▶ _The task_: Take the listing from its first line through the line that contains "#28=CIRCLE('',#27,1.);" and please retype those lines exactly, leaving out the pictures.

[Data in this exercise Boundary: Start]

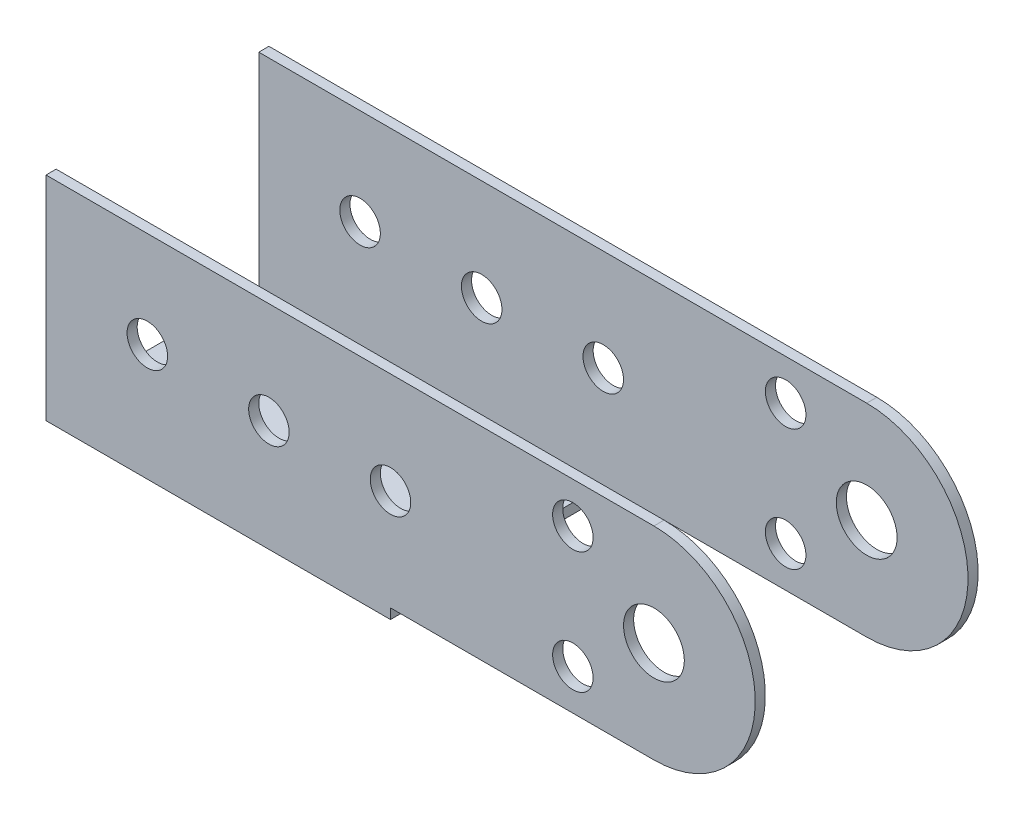
ISO-10303-21;
HEADER;
FILE_DESCRIPTION(('STEP AP214'),'2;1');
FILE_NAME('part.step','',(''),(''),'','','');
FILE_SCHEMA(('AUTOMOTIVE_DESIGN { 1 0 10303 214 1 1 1 1 }'));
ENDSEC;
DATA;
#1=APPLICATION_CONTEXT('core data for automotive mechanical design processes');
#2=APPLICATION_PROTOCOL_DEFINITION('international standard','automotive_design',2000,#1);
#3=PRODUCT_CONTEXT('',#1,'mechanical');
#4=PRODUCT('Part','Part','',(#3));
#5=PRODUCT_RELATED_PRODUCT_CATEGORY('part','',(#4));
#6=PRODUCT_DEFINITION_FORMATION('','',#4);
#7=PRODUCT_DEFINITION_CONTEXT('part definition',#1,'design');
#8=PRODUCT_DEFINITION('design','',#6,#7);
#9=PRODUCT_DEFINITION_SHAPE('','',#8);
#10=(LENGTH_UNIT() NAMED_UNIT(*) SI_UNIT(.MILLI.,.METRE.));
#11=(NAMED_UNIT(*) PLANE_ANGLE_UNIT() SI_UNIT($,.RADIAN.));
#12=(NAMED_UNIT(*) SI_UNIT($,.STERADIAN.) SOLID_ANGLE_UNIT());
#13=UNCERTAINTY_MEASURE_WITH_UNIT(LENGTH_MEASURE(1.E-05),#10,'distance_accuracy_value','');
#14=(GEOMETRIC_REPRESENTATION_CONTEXT(3) GLOBAL_UNCERTAINTY_ASSIGNED_CONTEXT((#13)) GLOBAL_UNIT_ASSIGNED_CONTEXT((#10,
#11,#12)) REPRESENTATION_CONTEXT('',''));
#15=CARTESIAN_POINT('',(0.,0.,0.));
#16=DIRECTION('',(0.,0.,1.));
#17=DIRECTION('',(1.,0.,0.));
#18=AXIS2_PLACEMENT_3D('',#15,#16,#17);
#19=CARTESIAN_POINT('',(15.,0.,10.5));
#20=DIRECTION('',(0.,0.,1.));
#21=DIRECTION('',(1.,0.,0.));
#22=AXIS2_PLACEMENT_3D('',#19,#20,#21);
#23=PLANE('',#22);
#24=CARTESIAN_POINT('',(-3.99999999999999,0.,10.5));
#25=DIRECTION('',(0.,0.,1.));
#26=DIRECTION('',(1.,0.,0.));
#27=AXIS2_PLACEMENT_3D('',#24,#25,#26);
#28=CIRCLE('',#27,1.);
#29=CARTESIAN_POINT('',(-2.99999999999999,0.,10.5));
#30=VERTEX_POINT('',#29);
#31=EDGE_CURVE('E193',#30,#30,#28,.T.);
#32=ORIENTED_EDGE('',*,*,#31,.F.);
#33=EDGE_LOOP('',(#32));
#34=FACE_BOUND('',#33,.T.);
#35=CARTESIAN_POINT('',(11.,3.,10.5));
#36=DIRECTION('',(0.,0.,1.));
#37=DIRECTION('',(1.,0.,0.));
#38=AXIS2_PLACEMENT_3D('',#35,#36,#37);
#39=CIRCLE('',#38,1.);
#40=CARTESIAN_POINT('',(12.,3.,10.5));
#41=VERTEX_POINT('',#40);
#42=EDGE_CURVE('E205',#41,#41,#39,.T.);
#43=ORIENTED_EDGE('',*,*,#42,.F.);
#44=EDGE_LOOP('',(#43));
#45=FACE_BOUND('',#44,.T.);
#46=CARTESIAN_POINT('',(15.,0.,10.5));
#47=DIRECTION('',(0.,0.,1.));
#48=DIRECTION('',(1.,0.,0.));
#49=AXIS2_PLACEMENT_3D('',#46,#47,#48);
#50=CIRCLE('',#49,1.5);
#51=CARTESIAN_POINT('',(16.5,0.,10.5));
#52=VERTEX_POINT('',#51);
#53=EDGE_CURVE('E217',#52,#52,#50,.T.);
#54=ORIENTED_EDGE('',*,*,#53,.F.);
#55=EDGE_LOOP('',(#54));
#56=FACE_BOUND('',#55,.T.);
#57=DIRECTION('',(0.,-1.,0.));
#58=VECTOR('',#57,1.);
#59=CARTESIAN_POINT('',(-15.,5.,10.5));
#60=LINE('',#59,#58);
#61=CARTESIAN_POINT('',(-15.,5.,10.5));
#62=VERTEX_POINT('',#61);
#63=CARTESIAN_POINT('',(-15.,-5.5,10.5));
#64=VERTEX_POINT('',#63);
#65=EDGE_CURVE('E223',#62,#64,#60,.T.);
#66=ORIENTED_EDGE('',*,*,#65,.T.);
#67=DIRECTION('',(1.,0.,0.));
#68=VECTOR('',#67,1.);
#69=CARTESIAN_POINT('',(2.00000000000001,-5.5,10.5));
#70=LINE('',#69,#68);
#71=CARTESIAN_POINT('',(2.00000000000001,-5.5,10.5));
#72=VERTEX_POINT('',#71);
#73=EDGE_CURVE('E167',#64,#72,#70,.T.);
#74=ORIENTED_EDGE('',*,*,#73,.T.);
#75=DIRECTION('',(0.,1.,0.));
#76=VECTOR('',#75,1.);
#77=CARTESIAN_POINT('',(2.00000000000001,-5.5,10.5));
#78=LINE('',#77,#76);
#79=CARTESIAN_POINT('',(2.00000000000001,-5.,10.5));
#80=VERTEX_POINT('',#79);
#81=EDGE_CURVE('E176',#72,#80,#78,.T.);
#82=ORIENTED_EDGE('',*,*,#81,.T.);
#83=DIRECTION('',(1.,0.,0.));
#84=VECTOR('',#83,1.);
#85=CARTESIAN_POINT('',(-15.,-5.,10.5));
#86=LINE('',#85,#84);
#87=CARTESIAN_POINT('',(15.,-5.,10.5));
#88=VERTEX_POINT('',#87);
#89=EDGE_CURVE('E225',#80,#88,#86,.T.);
#90=ORIENTED_EDGE('',*,*,#89,.T.);
#91=CARTESIAN_POINT('',(15.,0.,10.5));
#92=DIRECTION('',(0.,0.,1.));
#93=DIRECTION('',(1.,0.,0.));
#94=AXIS2_PLACEMENT_3D('',#91,#92,#93);
#95=CIRCLE('',#94,5.);
#96=CARTESIAN_POINT('',(15.,5.,10.5));
#97=VERTEX_POINT('',#96);
#98=EDGE_CURVE('E228',#88,#97,#95,.T.);
#99=ORIENTED_EDGE('',*,*,#98,.T.);
#100=DIRECTION('',(-1.,0.,0.));
#101=VECTOR('',#100,1.);
#102=CARTESIAN_POINT('',(15.,5.,10.5));
#103=LINE('',#102,#101);
#104=EDGE_CURVE('E230',#97,#62,#103,.T.);
#105=ORIENTED_EDGE('',*,*,#104,.T.);
#106=EDGE_LOOP('',(#66,#74,#82,#90,#99,#105));
#107=FACE_BOUND('',#106,.T.);
#108=CARTESIAN_POINT('',(11.,-3.,10.5));
#109=DIRECTION('',(0.,0.,1.));
#110=DIRECTION('',(1.,0.,0.));
#111=AXIS2_PLACEMENT_3D('',#108,#109,#110);
#112=CIRCLE('',#111,1.);
#113=CARTESIAN_POINT('',(12.,-3.,10.5));
#114=VERTEX_POINT('',#113);
#115=EDGE_CURVE('E211',#114,#114,#112,.T.);
#116=ORIENTED_EDGE('',*,*,#115,.F.);
#117=EDGE_LOOP('',(#116));
#118=FACE_BOUND('',#117,.T.);
#119=CARTESIAN_POINT('',(2.00000000000001,0.,10.5));
#120=DIRECTION('',(0.,0.,1.));
#121=DIRECTION('',(1.,0.,0.));
#122=AXIS2_PLACEMENT_3D('',#119,#120,#121);
#123=CIRCLE('',#122,1.);
#124=CARTESIAN_POINT('',(3.00000000000001,0.,10.5));
#125=VERTEX_POINT('',#124);
#126=EDGE_CURVE('E199',#125,#125,#123,.T.);
#127=ORIENTED_EDGE('',*,*,#126,.F.);
#128=EDGE_LOOP('',(#127));
#129=FACE_BOUND('',#128,.T.);
#130=CARTESIAN_POINT('',(-10.,0.253438211378566,10.5));
#131=DIRECTION('',(0.,0.,1.));
#132=DIRECTION('',(1.,0.,0.));
#133=AXIS2_PLACEMENT_3D('',#130,#131,#132);
#134=CIRCLE('',#133,1.);
#135=CARTESIAN_POINT('',(-9.,0.253438211378566,10.5));
#136=VERTEX_POINT('',#135);
#137=EDGE_CURVE('E187',#136,#136,#134,.T.);
#138=ORIENTED_EDGE('',*,*,#137,.F.);
#139=EDGE_LOOP('',(#138));
#140=FACE_BOUND('',#139,.T.);
#141=ADVANCED_FACE('F35',(#34,#45,#56,#107,#118,#129,#140),#23,.T.);
#142=CARTESIAN_POINT('',(15.,0.,10.));
#143=DIRECTION('',(0.,0.,1.));
#144=DIRECTION('',(1.,0.,0.));
#145=AXIS2_PLACEMENT_3D('',#142,#143,#144);
#146=PLANE('',#145);
#147=DIRECTION('',(0.,-1.,0.));
#148=VECTOR('',#147,1.);
#149=CARTESIAN_POINT('',(-15.,5.,10.));
#150=LINE('',#149,#148);
#151=CARTESIAN_POINT('',(-15.,5.,10.));
#152=VERTEX_POINT('',#151);
#153=CARTESIAN_POINT('',(-15.,-5.,10.));
#154=VERTEX_POINT('',#153);
#155=EDGE_CURVE('E220',#152,#154,#150,.T.);
#156=ORIENTED_EDGE('',*,*,#155,.F.);
#157=DIRECTION('',(-1.,0.,0.));
#158=VECTOR('',#157,1.);
#159=CARTESIAN_POINT('',(15.,5.,10.));
#160=LINE('',#159,#158);
#161=CARTESIAN_POINT('',(15.,5.,10.));
#162=VERTEX_POINT('',#161);
#163=EDGE_CURVE('E226',#162,#152,#160,.T.);
#164=ORIENTED_EDGE('',*,*,#163,.F.);
#165=CARTESIAN_POINT('',(15.,0.,10.));
#166=DIRECTION('',(0.,0.,1.));
#167=DIRECTION('',(1.,0.,0.));
#168=AXIS2_PLACEMENT_3D('',#165,#166,#167);
#169=CIRCLE('',#168,5.);
#170=CARTESIAN_POINT('',(15.,-5.,10.));
#171=VERTEX_POINT('',#170);
#172=EDGE_CURVE('E238',#171,#162,#169,.T.);
#173=ORIENTED_EDGE('',*,*,#172,.F.);
#174=DIRECTION('',(1.,0.,0.));
#175=VECTOR('',#174,1.);
#176=CARTESIAN_POINT('',(-15.,-5.,10.));
#177=LINE('',#176,#175);
#178=CARTESIAN_POINT('',(2.00000000000001,-5.,10.));
#179=VERTEX_POINT('',#178);
#180=EDGE_CURVE('E235',#179,#171,#177,.T.);
#181=ORIENTED_EDGE('',*,*,#180,.F.);
#182=EDGE_CURVE('E236',#154,#179,#177,.T.);
#183=ORIENTED_EDGE('',*,*,#182,.F.);
#184=EDGE_LOOP('',(#156,#164,#173,#181,#183));
#185=FACE_BOUND('',#184,.T.);
#186=CARTESIAN_POINT('',(15.,0.,10.));
#187=DIRECTION('',(0.,0.,1.));
#188=DIRECTION('',(1.,0.,0.));
#189=AXIS2_PLACEMENT_3D('',#186,#187,#188);
#190=CIRCLE('',#189,1.5);
#191=CARTESIAN_POINT('',(16.5,0.,10.));
#192=VERTEX_POINT('',#191);
#193=EDGE_CURVE('E214',#192,#192,#190,.T.);
#194=ORIENTED_EDGE('',*,*,#193,.T.);
#195=EDGE_LOOP('',(#194));
#196=FACE_BOUND('',#195,.T.);
#197=CARTESIAN_POINT('',(11.,-3.,10.));
#198=DIRECTION('',(0.,0.,1.));
#199=DIRECTION('',(1.,0.,0.));
#200=AXIS2_PLACEMENT_3D('',#197,#198,#199);
#201=CIRCLE('',#200,1.);
#202=CARTESIAN_POINT('',(12.,-3.,10.));
#203=VERTEX_POINT('',#202);
#204=EDGE_CURVE('E208',#203,#203,#201,.T.);
#205=ORIENTED_EDGE('',*,*,#204,.T.);
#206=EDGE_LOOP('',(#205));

[Data in this exercise Boundary: End]

▶ _Result of this task_:
ISO-10303-21;
HEADER;
FILE_DESCRIPTION(('STEP AP214'),'2;1');
FILE_NAME('part.step','',(''),(''),'','','');
FILE_SCHEMA(('AUTOMOTIVE_DESIGN { 1 0 10303 214 1 1 1 1 }'));
ENDSEC;
DATA;
#1=APPLICATION_CONTEXT('core data for automotive mechanical design processes');
#2=APPLICATION_PROTOCOL_DEFINITION('international standard','automotive_design',2000,#1);
#3=PRODUCT_CONTEXT('',#1,'mechanical');
#4=PRODUCT('Part','Part','',(#3));
#5=PRODUCT_RELATED_PRODUCT_CATEGORY('part','',(#4));
#6=PRODUCT_DEFINITION_FORMATION('','',#4);
#7=PRODUCT_DEFINITION_CONTEXT('part definition',#1,'design');
#8=PRODUCT_DEFINITION('design','',#6,#7);
#9=PRODUCT_DEFINITION_SHAPE('','',#8);
#10=(LENGTH_UNIT() NAMED_UNIT(*) SI_UNIT(.MILLI.,.METRE.));
#11=(NAMED_UNIT(*) PLANE_ANGLE_UNIT() SI_UNIT($,.RADIAN.));
#12=(NAMED_UNIT(*) SI_UNIT($,.STERADIAN.) SOLID_ANGLE_UNIT());
#13=UNCERTAINTY_MEASURE_WITH_UNIT(LENGTH_MEASURE(1.E-05),#10,'distance_accuracy_value','');
#14=(GEOMETRIC_REPRESENTATION_CONTEXT(3) GLOBAL_UNCERTAINTY_ASSIGNED_CONTEXT((#13)) GLOBAL_UNIT_ASSIGNED_CONTEXT((#10,
#11,#12)) REPRESENTATION_CONTEXT('',''));
#15=CARTESIAN_POINT('',(0.,0.,0.));
#16=DIRECTION('',(0.,0.,1.));
#17=DIRECTION('',(1.,0.,0.));
#18=AXIS2_PLACEMENT_3D('',#15,#16,#17);
#19=CARTESIAN_POINT('',(15.,0.,10.5));
#20=DIRECTION('',(0.,0.,1.));
#21=DIRECTION('',(1.,0.,0.));
#22=AXIS2_PLACEMENT_3D('',#19,#20,#21);
#23=PLANE('',#22);
#24=CARTESIAN_POINT('',(-3.99999999999999,0.,10.5));
#25=DIRECTION('',(0.,0.,1.));
#26=DIRECTION('',(1.,0.,0.));
#27=AXIS2_PLACEMENT_3D('',#24,#25,#26);
#28=CIRCLE('',#27,1.);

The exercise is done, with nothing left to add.